*How to complete this task*
Everything from the opening line of the records below through the line with "line L9 (87, 89.5) -> (87, -89.5)" must be duplicated exactly, pictures left out.

*Available records*
::::::::

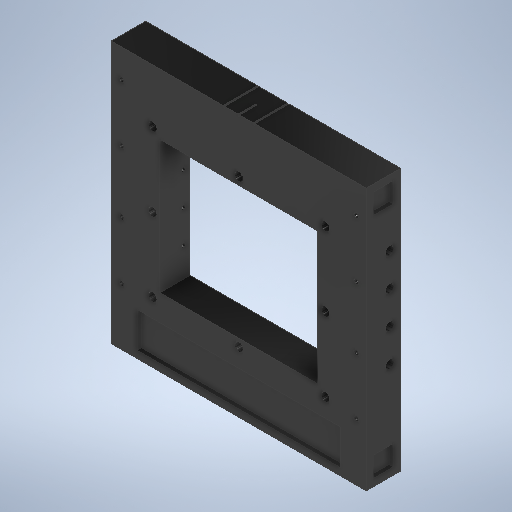
# Autodesk Inventor part: 22024_08_2110_Reaktorkorpus_hinten
Saved by Autodesk Inventor 2025.1 (Build 291241000, 241)
## iProperties
Created: 2020-09-23
Part Number: 22024_08_2110_Reaktorkorpus_hinten
Material: Acetalharz, Weiß
Document SubType Name: Modeling
Designer: Daniel
Density: 1.425 g/cm^3
Appearance: Glatt - Weiß
Author: Daniel
Autodesk Inventor part; units mm, degrees
(part 1 of 3)
ref_plane "YZ Plane" through (0, 0, 0) normal (1, 0, 0) x (0, 1, 0)
ref_plane "XZ Plane" through (0, 0, 0) normal (0, 1, 0) x (-1, 0, 0)
sketch "Skizze1" plane through (0, 0, 0) normal (0, 0, 1) x (1, 0, 0)
  line L0 (89, -91.5) -> (-89, -91.5)
  line L1 (-89, -91.5) -> (-89, 91.5)
  line L2 (-89, 91.5) -> (89, 91.5)
  line L3 (89, 91.5) -> (89, -91.5)
  line L4 (89, -91.5) -> (-89, 91.5) construction
  line L5 (-89, -91.5) -> (89, 91.5) construction
  point P0 (0, 0)
  dimension "d0" = 183
  dimension "d1" = 178
  constraints: 12 end point, 2 midpoint, 2 parallel, 1 horizontal, 1 perpendicular
  measures "d0" distance of L0.end L1.end
  measures "d1" distance of L1.end L2.end
extrude "Extrusion1" add sketch "Skizze1" along normal blind 24
sketch "Skizze2" plane through (0, 0, 24) normal (0, 0, 1) x (1, 0, 0)
  line L0 (-89, 91.5) -> (-89, -91.5) projected
  line L1 (-89, -91.5) -> (89, -91.5) projected
  line L2 (-89, 91.5) -> (89, 91.5)
  line L3 (89, 91.5) -> (89, -91.5)
  line L4 (89, -91.5) -> (-89, -91.5)
  line L5 (-89, -91.5) -> (-89, 91.5)
  line L6 (87, -89.5) -> (-87, -89.5)
  line L7 (-87, -89.5) -> (-87, 89.5)
  line L8 (-87, 89.5) -> (87, 89.5)
  line L9 (87, 89.5) -> (87, -89.5)
  line L10 (87, -89.5) -> (-87, 89.5) construction
  line L11 (-87, -89.5) -> (87, 89.5) construction
  line L12 (-70, -89.5) -> (70, -89.5)
  line L13 (70, -89.5) -> (70, 89.5)
  line L14 (70, 89.5) -> (-70, 89.5)
  line L15 (-70, 89.5) -> (-70, -89.5)
  line L16 (-70, -89.5) -> (70, 89.5) construction
  line L17 (70, -89.5) -> (-70, 89.5) construction
  line L18 (-65, -89.5) -> (65, -89.5)
  line L19 (65, -89.5) -> (65, 89.5)
  line L20 (65, 89.5) -> (-65, 89.5)
  line L21 (-65, 89.5) -> (-65, -89.5)
  line L22 (-65, -89.5) -> (65, 89.5) construction
  line L23 (65, -89.5) -> (-65, 89.5) construction
  line L24 (-65, 89.5) -> (-65, 91.5)
  line L25 (89, 91.5) -> (-89, 91.5) projected
  line L26 (-65, -89.5) -> (-65, -91.5)
  line L27 (65, -89.5) -> (65, -91.5)
  line L28 (65, 89.5) -> (65, 91.5)
  line L29 (89, -91.5) -> (89, 91.5) projected
  line L30 (-89, -91.5) -> (89, -91.5)
  line L31 (89, -91.5) -> (89, -86.5)
  line L32 (89, -86.5) -> (-89, -86.5)
  line L33 (-89, -86.5) -> (-89, -91.5)
  point P0 (0, 0)
  point P1 (70, -89.5)
  point P2 (87, -86.5)
  point P3 (70, -86.5)
  point P4 (-70, -86.5)
  point P5 (-87, -86.5)
  dimension "d4" = 2
  dimension "d5" = 2
  dimension "d6" = 17
  dimension "d7" = 24
  dimension "d10" = 5
  constraints: 60 end point, 11 parallel, 9 point on line, 6 midpoint, 6 perpendicular, 5 horizontal
  measures "d4" distance between parallel lines of L2 L8
  measures "d5" distance between parallel lines of L0 L7
  measures "d6" distance between parallel lines of L9 L13
  measures "d7" distance between parallel lines of L19 L3
  measures "d10" distance between parallel lines of L1 L32
extrude "Extrusion2" add sketch "Skizze2" along normal blind 156.5 contours L2 L24 L8 L7 L32 L0 | L32 L7 L6 L26 L1 L0 | L32 L15 L6 L7 | L2 L3 L32 L9 L8 L28 | L21 L32 L15 L8 | L32 L21 L6 L15 | L8 L13 L32 L19 | L27 L6 L9 L32 L3 L1 | L32 L13 L6 L19 | L9 L6 L13 L32
sketch "Skizze3" plane through (-89, 91.5, 0) normal (0, 1, 0) x (1, 0, 0)
  line L0 (0, 0) -> (0, -180.5) projected
  line L1 (0, -180.5) -> (55, -235.5)
  line L2 (0, -180.5) -> (24, -180.5) projected
  line L3 (24, -180.5) -> (-22.6667, -227.1667)
  line L4 (154, -24) -> (154, -180.5) projected
  line L5 (154, -180.5) -> (202, -228.5)
  line L6 (178, 0) -> (178, -180.5) projected
  line L7 (178, -180.5) -> (113.5, -245)
  line L8 (178, -180.5) -> (154, -180.5) projected
  line L9 (2, -24) -> (2, -180.5) projected
  line L10 (2, -180.5) -> (13, -191.5)
  line L11 (19, -180.5) -> (9.5, -190)
  line L12 (159, -24) -> (159, -180.5) projected
  line L13 (159, -180.5) -> (169, -189.5)
  line L14 (176, -24) -> (176, -180.5) projected
  line L15 (176, -180.5) -> (165, -191.5)
  point P0 (89, 0)
  point P1 (167.9474, -188.5526)
  point P2 (166, -192.5)
  point P3 (10.5, -189)
  point P4 (12, -192.5)
  dimension "d11" = 45
  dimension "d12" = 45
  dimension "d13" = 45
  dimension "d14" = 45
  constraints: 16 end point, 5 point on line, 3 perpendicular
  measures "d11" angle of L3 L2
  measures "d12" angle of L1 L2
  measures "d13" angle of L5 L8
  measures "d14" angle of L8 L7
extrude "Extrusion3" add sketch "Skizze3" against normal up to surface (183 mm away) contours L2 L10 L11 L1 | L11 L10 L3 L1 | L11 L2 L3 L10 | L8 L13 L15 L5 | L15 L13 L7 L5 | L15 L8 L7 L13
sketch "Skizze4" plane through (-89, -91.5, 0) normal (0, -1, 0) x (1, 0, 0)
  line L0 (19, 180.5) -> (10.5, 189) projected
  line L1 (10.5, 189) -> (19, 180.5)
  line L2 (2, 24) -> (2, 180.5) projected
  line L3 (19, 180.5) -> (2, 180.5)
  line L4 (10.5, 189) -> (2, 180.5) projected
  line L5 (2, 180.5) -> (10.5, 189)
  line L6 (167.9474, 188.5526) -> (159, 180.5) projected
  line L7 (176, 180.5) -> (167.9474, 188.5526) projected
  line L8 (159, 180.5) -> (167.9474, 188.5526)
  line L9 (159, 180.5) -> (176, 180.5) projected
  line L10 (167.9474, 188.5526) -> (176, 180.5)
  line L11 (176, 180.5) -> (159, 180.5)
  point P0 (89, 0)
  constraints: 12 end point, 2 collinear, 1 horizontal, 1 perpendicular
extrude "Extrusion4" add sketch "Skizze4" against normal blind 5
sketch "Skizze5" plane through (-89, 91.5, 0) normal (0, 1, 0) x (1, 0, 0)
  line L0 (10.5, -189) -> (2, -180.5) projected
  line L1 (2, -180.5) -> (10.5, -189)
  line L2 (10.5, -189) -> (19, -180.5)
  line L3 (19, -180.5) -> (10.5, -189) projected
  line L4 (2, -180.5) -> (19, -180.5)
  line L5 (167.9474, -188.5526) -> (159, -180.5) projected
  line L6 (176, -180.5) -> (167.9474, -188.5526) projected
  line L7 (159, -180.5) -> (176, -180.5)
  line L8 (159, -180.5) -> (167.9474, -188.5526)
  line L9 (176, -180.5) -> (167.9474, -188.5526)
  point P0 (89, 0)
  constraints: 13 end point, 3 collinear, 2 horizontal
extrude "Extrusion5" add sketch "Skizze5" against normal blind 2
sketch "Skizze6" plane through (0, 0, 0) normal (0, 0, -1) x (-1, 0, 0)
  line L0 (89, 91.5) -> (89, -91.5) projected
  line L1 (-89, -91.5) -> (89, -91.5)
  line L2 (89, -91.5) -> (89, -86.5)
  line L3 (89, -86.5) -> (-89, -86.5)
  line L4 (-89, -86.5) -> (-89, -91.5)
  line L5 (-89, -86.5) -> (89, -86.5)
  line L6 (89, -86.5) -> (89, -62.5)
  line L7 (89, -62.5) -> (-89, -62.5)
  line L8 (-89, -62.5) -> (-89, -86.5)
  line L9 (-89, -91.5) -> (-89, 91.5) projected
  line L10 (-89, 91.5) -> (89, 91.5)
  line L11 (89, 91.5) -> (89, 67.5)
  line L12 (89, 67.5) -> (-89, 67.5)
  line L13 (-89, 67.5) -> (-89, 91.5)
  line L14 (-89, 67.5) -> (89, -62.5) construction
  line L15 (89, 67.5) -> (-89, -62.5) construction
  line L16 (-75.35, -64) -> (75.35, -64)
  line L17 (75.35, -64) -> (75.35, 69)
  line L18 (75.35, 69) -> (-75.35, 69)
  line L19 (-75.35, 69) -> (-75.35, -64)
  line L20 (-75.35, -64) -> (75.35, 69) construction
  line L21 (75.35, -64) -> (-75.35, 69) construction
  point P0 (0, 0)
  point P1 (0, 2.5)
  dimension "d21" = 5
  dimension "d22" = 24
  dimension "d23" = 24
  dimension "d24" = 150.7
  dimension "d25" = 133
  constraints: 40 end point, 8 parallel, 4 horizontal, 4 perpendicular, 3 midpoint, 3 point on line
  measures "d21" distance between parallel lines of L1 L3
  measures "d22" distance between parallel lines of L3 L7
  measures "d23" distance between parallel lines of L12 L10
  measures "d24" distance of L17.end L18.end
  measures "d25" distance of L18.end L16.start
extrude "Extrusion6" cut sketch "Skizze6" against normal blind 3 contours L17 L7 L19 L12 | L12 L19 L18 L17 | L17 L16 L19 L7
sketch "Skizze7" plane through (0, 0, 3) normal (0, 0, -1) x (-1, 0, 0)
  line L0 (-75.35, 69) -> (75.35, -64) construction
  line L1 (75.35, -64) -> (75.35, 69) construction
  line L2 (75.35, 69) -> (-75.35, -64) construction
  line L3 (-55.1, 48.75) -> (55.1, 48.75)
  line L4 (55.1, 48.75) -> (55.1, -43.75)
  line L5 (55.1, -43.75) -> (-55.1, -43.75)
  line L6 (-55.1, -43.75) -> (-55.1, 48.75)
  line L7 (-55.1, 48.75) -> (55.1, -43.75) construction
  line L8 (55.1, 48.75) -> (-55.1, -43.75) construction
  line L9 (-75.35, 69) -> (75.35, 69) projected
  line L10 (75.35, -64) -> (-75.35, -64) projected
  line L11 (0, 2.5) -> (75.35, 2.5) construction
  line L12 (-75.35, -64) -> (-75.35, 69) projected
  line L13 (0, 2.5) -> (-75.35, 2.5) construction
  line L14 (-60.35, -49) -> (-60.35, 55.7618) construction
  line L15 (0, -49) -> (-60.35, -49) construction
  line L16 (0, -49) -> (60.35, -49) construction
  line L17 (60.35, -49) -> (60.35, 2.5) construction
  line L18 (60.35, 2.5) -> (60.35, 54) construction
  line L19 (60.35, 54) -> (0, 54) construction
  line L20 (0, 54) -> (60.35, 54) construction
  circle A0 centre (0, 54) radius 1.7
  circle A1 centre (60.35, 54) radius 1.7
  circle A2 centre (60.35, 2.5) radius 1.7
  circle A3 centre (60.35, -49) radius 1.7
  circle A4 centre (0, -49) radius 1.7
  circle A5 centre (-60.35, -49) radius 1.7
  circle A6 centre (-60.35, 2.5) radius 1.7
  line L21 (0, 54) -> (-60.35, 54) construction
  circle A7 centre (-60.35, 54) radius 1.7
  point P0 (-60.35, 2.5)
  point P1 (60.35, 2.5)
  point P2 (0, 0)
  dimension "d105" = 92.5
  dimension "d106" = 110.2
  dimension "d107" = 15
  dimension "d108" = 15
  dimension "d109" = 15
  dimension "d110" = 15
  dimension "d112" = 3.4
  dimension "d113" = 3.4
  dimension "d114" = 3.4
  dimension "d115" = 3.4
  dimension "d116" = 3.4
  dimension "d117" = 3.4
  dimension "d118" = 3.4
  dimension "d119" = 0
  dimension "d120" = 0
  dimension "d121" = 0
  dimension "d122" = 0
  dimension "d123" = 0
  dimension "d125" = 0
  dimension "d126" = 0
  dimension "d127" = 0
  dimension "d128" = 0
  dimension "d129" = 0
  dimension "d130" = 0
  dimension "d131" = 3.4
  dimension "d132" = 120.7
  dimension "d133" = 103
  dimension "d134" = 2.5
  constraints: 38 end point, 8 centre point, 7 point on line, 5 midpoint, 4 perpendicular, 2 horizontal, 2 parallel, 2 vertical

::::::::

*Task output*
# Autodesk Inventor part: 22024_08_2110_Reaktorkorpus_hinten
Saved by Autodesk Inventor 2025.1 (Build 291241000, 241)
## iProperties
Created: 2020-09-23
Part Number: 22024_08_2110_Reaktorkorpus_hinten
Material: Acetalharz, Weiß
Document SubType Name: Modeling
Designer: Daniel
Density: 1.425 g/cm^3
Appearance: Glatt - Weiß
Author: Daniel
Autodesk Inventor part; units mm, degrees
(part 1 of 3)
ref_plane "YZ Plane" through (0, 0, 0) normal (1, 0, 0) x (0, 1, 0)
ref_plane "XZ Plane" through (0, 0, 0) normal (0, 1, 0) x (-1, 0, 0)
sketch "Skizze1" plane through (0, 0, 0) normal (0, 0, 1) x (1, 0, 0)
  line L0 (89, -91.5) -> (-89, -91.5)
  line L1 (-89, -91.5) -> (-89, 91.5)
  line L2 (-89, 91.5) -> (89, 91.5)
  line L3 (89, 91.5) -> (89, -91.5)
  line L4 (89, -91.5) -> (-89, 91.5) construction
  line L5 (-89, -91.5) -> (89, 91.5) construction
  point P0 (0, 0)
  dimension "d0" = 183
  dimension "d1" = 178
  constraints: 12 end point, 2 midpoint, 2 parallel, 1 horizontal, 1 perpendicular
  measures "d0" distance of L0.end L1.end
  measures "d1" distance of L1.end L2.end
extrude "Extrusion1" add sketch "Skizze1" along normal blind 24
sketch "Skizze2" plane through (0, 0, 24) normal (0, 0, 1) x (1, 0, 0)
  line L0 (-89, 91.5) -> (-89, -91.5) projected
  line L1 (-89, -91.5) -> (89, -91.5) projected
  line L2 (-89, 91.5) -> (89, 91.5)
  line L3 (89, 91.5) -> (89, -91.5)
  line L4 (89, -91.5) -> (-89, -91.5)
  line L5 (-89, -91.5) -> (-89, 91.5)
  line L6 (87, -89.5) -> (-87, -89.5)
  line L7 (-87, -89.5) -> (-87, 89.5)
  line L8 (-87, 89.5) -> (87, 89.5)
  line L9 (87, 89.5) -> (87, -89.5)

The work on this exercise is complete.